Editor's Note: Eaton has denied any planned sale of its auto-parts business, which was not known at the time this article was written. The Fool regrets the error.
Investors love stocks that consistently beat the Street without getting ahead of their fundamentals and risking a meltdown. The best stocks offer sustainable market-beating gains, with robust and improving financial metrics that support strong price growth. Does Eaton fit the bill? Let's take a look at what its recent results tell us about its potential for future gains.
What we're looking for
The graphs you're about to see tell Eaton's story, and we'll be grading the quality of that story in several ways:
Growth: are profits, margins, and free cash flow all increasing?
Valuation: is share price growing in line with earnings per share?
Opportunities: is return on equity increasing while debt to equity declines?

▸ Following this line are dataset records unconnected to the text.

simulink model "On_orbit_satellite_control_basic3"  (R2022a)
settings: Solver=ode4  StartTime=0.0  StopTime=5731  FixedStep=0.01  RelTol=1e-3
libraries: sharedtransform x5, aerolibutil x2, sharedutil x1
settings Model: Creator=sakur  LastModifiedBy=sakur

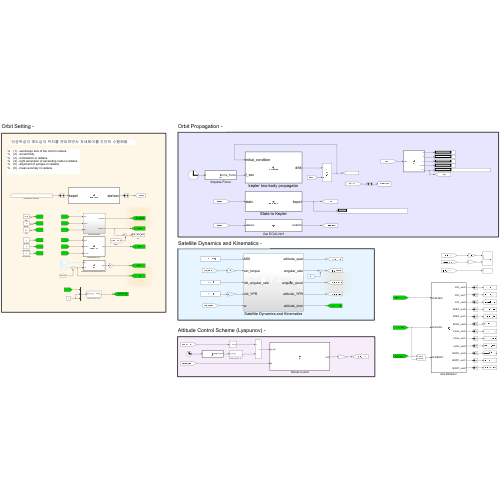
[thumbnail: Simulink's stored preview of the top-level diagram]
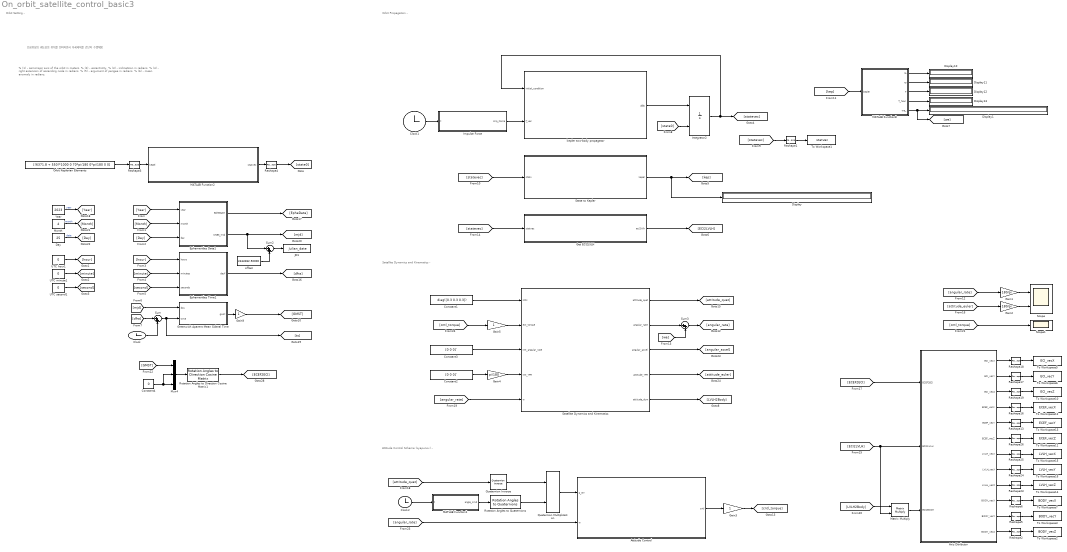
== system On_orbit_satellite_control_basic3 ==
  note: Orbit Propagation -
  note: %		(1) - semimajor axis of the orbit in meters.
      | %		(2) - eccentricity.
      | %		(3) - inclinatsion in radians.
      | %		(4) - right ascension of ascending node in radians.
      | %		(5) - argument of perigee in radians.
      | %		(6) - mean anomaly in radians.
  note: 인공위성의 궤도상의 위치를 전파하면서 자세제어를 간단히 수행해봄
  note: Attitude Control Scheme (Lyapunov) -
  note: Satellite Dynamics and Kinematics -
  note: Orbit Setting -
  Attitude Control : MATLAB Function  TreatAsAtomicUnit=on
  Axis Ditributor : MATLAB Function  TreatAsAtomicUnit=on
  Clock : Clock
  Clock1 : Clock
  Clock2 : Clock
  Constant1 : Constant  Value=diag([0.3 0.3 0.3])
  Constant2 : Constant  Value=[0 0 0]'
  Constant3 : Constant  Value=[0 0 0]'
  Constant4 : Constant  Value=0
  Day : Constant  Value=25
  Display{,1,10..13} (6 alike) : Display
  Ephemerides Date1 : Subsystem
  Ephemerides Time1 : MATLAB Function  TreatAsAtomicUnit=on
  Gain1 : Gain  Gain=180/pi
  Gain2 : Gain  Gain=180/pi
  Gain3 : Gain
  Gain4 : Gain  Gain=pi/180
  Gain5 : Gain
  Gain9 : Gain
  Get ECI2LVLH : MATLAB Function  TreatAsAtomicUnit=on
  Greenwich Aparent Mean Sideral Time : MATLAB Function  TreatAsAtomicUnit=on
  Impulse Force : MATLAB Function  TreatAsAtomicUnit=on
  Integrator2 : Integrator  InitialConditionSource=external  InitialCondition=[-7000 0 0 0 -9.175045 0 5233.5]'
  JD1 : ToWorkspace  VariableName=Julian_date  SampleTime=-1
  MATLAB Function1 : MATLAB Function  TreatAsAtomicUnit=on
  MATLAB Function2 : MATLAB Function  TreatAsAtomicUnit=on
  MATLAB Function8 : MATLAB Function  TreatAsAtomicUnit=on
  Matrix Multiply : Product  Multiplication=Matrix(*)
  Month : Constant  Value=4
  Mux4 : Mux  Inputs=3
  Orbit Keplerian Elements : Constant  Value=[(6371.8 + 550)*1000 0 70*pi/180 0*pi/180 0 0]
  Quaternion Inverse : aerolibutil/Quaternion Inverse
  Quaternion Multiplication : aerolibutil/Quaternion Multiplication
  Reshape{1..6,13,16..19,23..26} (15 alike) : Reshape  OutputDimensionality=Row vector (2-D)
  Rotation Angles to Direction Cosine Matrix1 : sharedtransform/Rotation Angles to Direction Cosine Matrix  rotationOrder=ZYX  aMode=aMode
      settings: SourceProductBaseCode=AE,PW,DR,MT,VE
  Rotation Angles to Quaternions : sharedtransform/Rotation Angles to Quaternions  rotationOrder=ZYX  aMode=aMode
      settings: SourceProductBaseCode=AE,PW,DR,MT,VE
  Satellite Dynamics and Kinematics : Subsystem
  Scope : Scope  NumInputPorts=2
  Scope1 : Scope
  State to Kepler : MATLAB Function  TreatAsAtomicUnit=on
  Sum : Sum  Inputs=|++
  Sum2 : Sum  Inputs=|++
  Sum3 : Sum  Inputs=|++
  To Workspace1 : ToWorkspace  VariableName=statvec  SampleTime=-1
      settings: Save2DSignal=2-D array (concatenate along first dimension)
  To Workspace10 : ToWorkspace  VariableName=ECI_vecZ  SampleTime=-1
      settings: Save2DSignal=2-D array (concatenate along first dimension)
  To Workspace11 : ToWorkspace  VariableName=ECEF_vecZ  SampleTime=-1
      settings: Save2DSignal=2-D array (concatenate along first dimension)
  To Workspace12 : ToWorkspace  VariableName=ECEF_vecX  SampleTime=-1
      settings: Save2DSignal=2-D array (concatenate along first dimension)
  To Workspace13 : ToWorkspace  VariableName=ECEF_vecY  SampleTime=-1
      settings: Save2DSignal=2-D array (concatenate along first dimension)
  To Workspace14 : ToWorkspace  VariableName=LVLH_vecZ  SampleTime=-1
      settings: Save2DSignal=2-D array (concatenate along first dimension)
  To Workspace15 : ToWorkspace  VariableName=LVLH_vecX  SampleTime=-1
      settings: Save2DSignal=2-D array (concatenate along first dimension)
  To Workspace16 : ToWorkspace  VariableName=LVLH_vecY  SampleTime=-1
      settings: Save2DSignal=2-D array (concatenate along first dimension)
  To Workspace2 : ToWorkspace  VariableName=BODY_vecZ  SampleTime=-1
      settings: Save2DSignal=2-D array (concatenate along first dimension)
  To Workspace3 : ToWorkspace  VariableName=BODY_vecY  SampleTime=-1
      settings: Save2DSignal=2-D array (concatenate along first dimension)
  To Workspace5 : ToWorkspace  VariableName=ECI_vecX  SampleTime=-1
      settings: Save2DSignal=2-D array (concatenate along first dimension)
  To Workspace6 : ToWorkspace  VariableName=ECI_vecY  SampleTime=-1
      settings: Save2DSignal=2-D array (concatenate along first dimension)
  To Workspace7 : ToWorkspace  VariableName=BODY_vecX  SampleTime=-1
      settings: Save2DSignal=2-D array (concatenate along first dimension)
  UTC hour1 : Constant  Value=0
  UTC minute1 : Constant  Value=0
  UTC second1 : Constant  Value=0
  Year : Constant  Value=2023
  kepler two-body propagator : MATLAB Function  TreatAsAtomicUnit=on
  offset : Constant  Value=2433282.50000
  wires:
  Reshape13/1 -> To Workspace13/1
  Constant4/1 -> Mux4/2, Mux4/3
  [GMST] -> Mux4/1
  Constant2/1 -> Gain4/1
  Constant3/1 -> Satellite Dynamics and Kinematics/3(init_angular_rate)
  Constant1/1 -> Satellite Dynamics and Kinematics/1(MOI)
  [statevec] -> Get ECI2LVLH/1(statvec)
  Axis Ditributor/2(ECI_vecY) -> Reshape17/1
  Reshape19/1 -> To Workspace10/1
  Sum2/1 -> JD1/1
  Ephemerides Date1/1(EpheDate) -> [EpheDate]
  [Month] -> Ephemerides Date1/2(month)
  Axis Ditributor/4(ECEF_vecX) -> Reshape16/1
  Reshape18/1 -> To Workspace5/1
  Axis Ditributor/9(LVLH_vecZ) -> Reshape23/1
  Clock1/1 -> Impulse Force/1(t)
  Year/1 -> [Year]  "year"
  Reshape3/1 -> MATLAB Function2/1(kepel)
  [state0] -> Integrator2/2
  Axis Ditributor/1(ECI_vecX) -> Reshape18/1
  UTC second1/1 -> [second]
  Axis Ditributor/8(LVLH_vecY) -> Reshape24/1
  Reshape17/1 -> To Workspace6/1
  Axis Ditributor/6(ECEF_vecZ) -> Reshape26/1
  [minute] -> Ephemerides Time1/2(minutes)
  Axis Ditributor/5(ECEF_vecY) -> Reshape13/1
  MATLAB Function8/2(rp) -> Display11/1
  Reshape25/1 -> To Workspace15/1
  [statevec] -> Reshape1/1
  Reshape24/1 -> To Workspace16/1
  MATLAB Function2/1(statvec) -> Reshape4/1
  [kep] -> MATLAB Function8/1(kepler)
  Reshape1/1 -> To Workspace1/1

Dividends: are dividends consistently growing in a sustainable way?
What the numbers tell you
Now, let's take a look at Eaton's key statistics:
Revenue growth > 30%
Improving profit margin
Free cash flow growth > Net income growth
29.6% vs. 118.4%
Stock growth (+ 15%) < EPS growth
83.1% vs. 94.6%
*Period begins at end of Q1 2010.
Improving return on equity
Declining debt to equity
Dividend growth > 25%
Free cash flow payout ratio < 50%
*Period begins at end of Q1 2010.
How we got here and where we're going
Eaton crosses the finish line with a strong showing, missing out on only two of its nine possible passing grades. The only real cause for apparent concern is the surge in Eaton's net income relative to free cash flow, but on a nominal basis these two results are nearly neck and neck. The market clearly believes that Eaton has long-term potential, but will it be able to maintain (or improve) this pace the next time we look at it? Let's dig into the possibilities.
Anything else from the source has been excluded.